Hello  I’m working on a Convolutional Autoencoder model where I’m optimizing one cost on output layer and other cost on the bottleneck layer. Please see the picture below(I took it from a published paper). Please note I’m not minimizing any clustering loss on the bottleneck layer. My cost is a different one. I know how to back propagate the reconstruction loss but I’m not sure how to back propagate the gradient of the cost which I’m optimizing on the output of the bottleneck layer. Can anyone please help? Thank you.
Could you explain a bit how you are calculating the “gradient of the cost” and how the gradients should be calculated?
Based on the description it seems you would like to calculate the 2nd derivative?
Hi @ptrblck  My cost functions are standard MSE loss. I’m not calculating 2nd derivative. This is what I’m doing.
 From the forward pass capture the output of the bottleneck layer and the output layer.
Forward pass
output_en,output_de = self.forward(trInput)

Then calculate the reconstruction loss using MSE from the activation from the output layer.
#calculate reconstruction loss
loss = criterion(output_de,trOutput) 
Now calculate the cost from the output of the bottleneck layer.
secondCost = self.secondCost(output_en,L) 

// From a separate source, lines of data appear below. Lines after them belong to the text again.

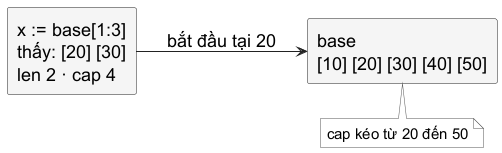

The diagram above was rendered by PlantUML. Its source (embedded in the PNG):
@startuml
skinparam backgroundColor white
skinparam shadowing false
skinparam defaultFontName "Source Sans 3"
skinparam defaultFontSize 18
skinparam defaultFontColor #000000
skinparam rectangle {
  BackgroundColor #F5F5F5
  BorderColor #222222
  FontColor #000000
  RoundCorner 5
}
skinparam arrowColor #222222
skinparam note {
  BackgroundColor #FFFFFF
  BorderColor #555555
  FontColor #000000
  FontName "Source Sans 3"
  FontSize 15
}
left to right direction
rectangle "base\n[10] [20] [30] [40] [50]" as base
rectangle "x := base[1:3]\nthấy: [20] [30]\nlen 2 · cap 4" as x
x --> base : bắt đầu tại 20
note bottom of base : cap kéo từ 20 đến 50
@enduml

Now add the second cost with the loss.
loss = loss + secondCost 
Now call the backward pass to update parameters.
Backward and optimize
optimizer.zero_grad()
loss.backward()
optimizer.step()
Do you think this is the correct way? I’m unsure whether the parameters of the encoder will be updated or not by the second cost.
@ptrblck To be more specific: For the second loss I just want to update the parameters of the encoder, and I want to update the parameters of the whole network (encoder+decoder) for the reconstruction loss. But I’m not sure whether or not my current implementation will achieve what I want.
Thank you.
Your implementation is correct and the parameters of the encoder would accumulate the gradients from both losses, while the parameters of the decoder would only get the gradients from the reconstruction loss.
Thank you for confirming this!
Hi @ptrblck  I have one more query. I want to optimize a different cost using the activation from the bottleneck layer. I will calculate the cost using log of some quantity of bottleneck layer. This is what I’m thinking…

From the forward pass capture the output of the bottleneck layer and the output layer.
output_en,output_de = self.forward(trInput) 
First I’m calculating the reconstruction loss as shown below.
loss = criterion(output_de,trOutput) 
Then calculate the new cost using the bottleneck output.
M := some quantity I’m calculating from output_en
loss2 = log(M) 
Now add the second cost with the loss.
loss = loss + loss2 
Backward and optimize
optimizer.zero_grad()
loss.backward()
optimizer.step()
The reconstruction loss is the standard MSE so I know that Torch can calculate the derivative. But the 2nd loss is a custom one. I’m not sure whether Torch can calculate the derivative. Do I need to write a new criterion for the 2nd cost? If so then how to do that?
Thank you,
Tomojit
As long as you are using PyTorch operations Autograd would be able to create the computation graph and calculate the gradients of the loss w.r.t. to all parameters in this graph.
You can verify it by checking the .grad
attributes of all encoder parameters before the first backward
call (should be None
) and afterwards (should have valid values).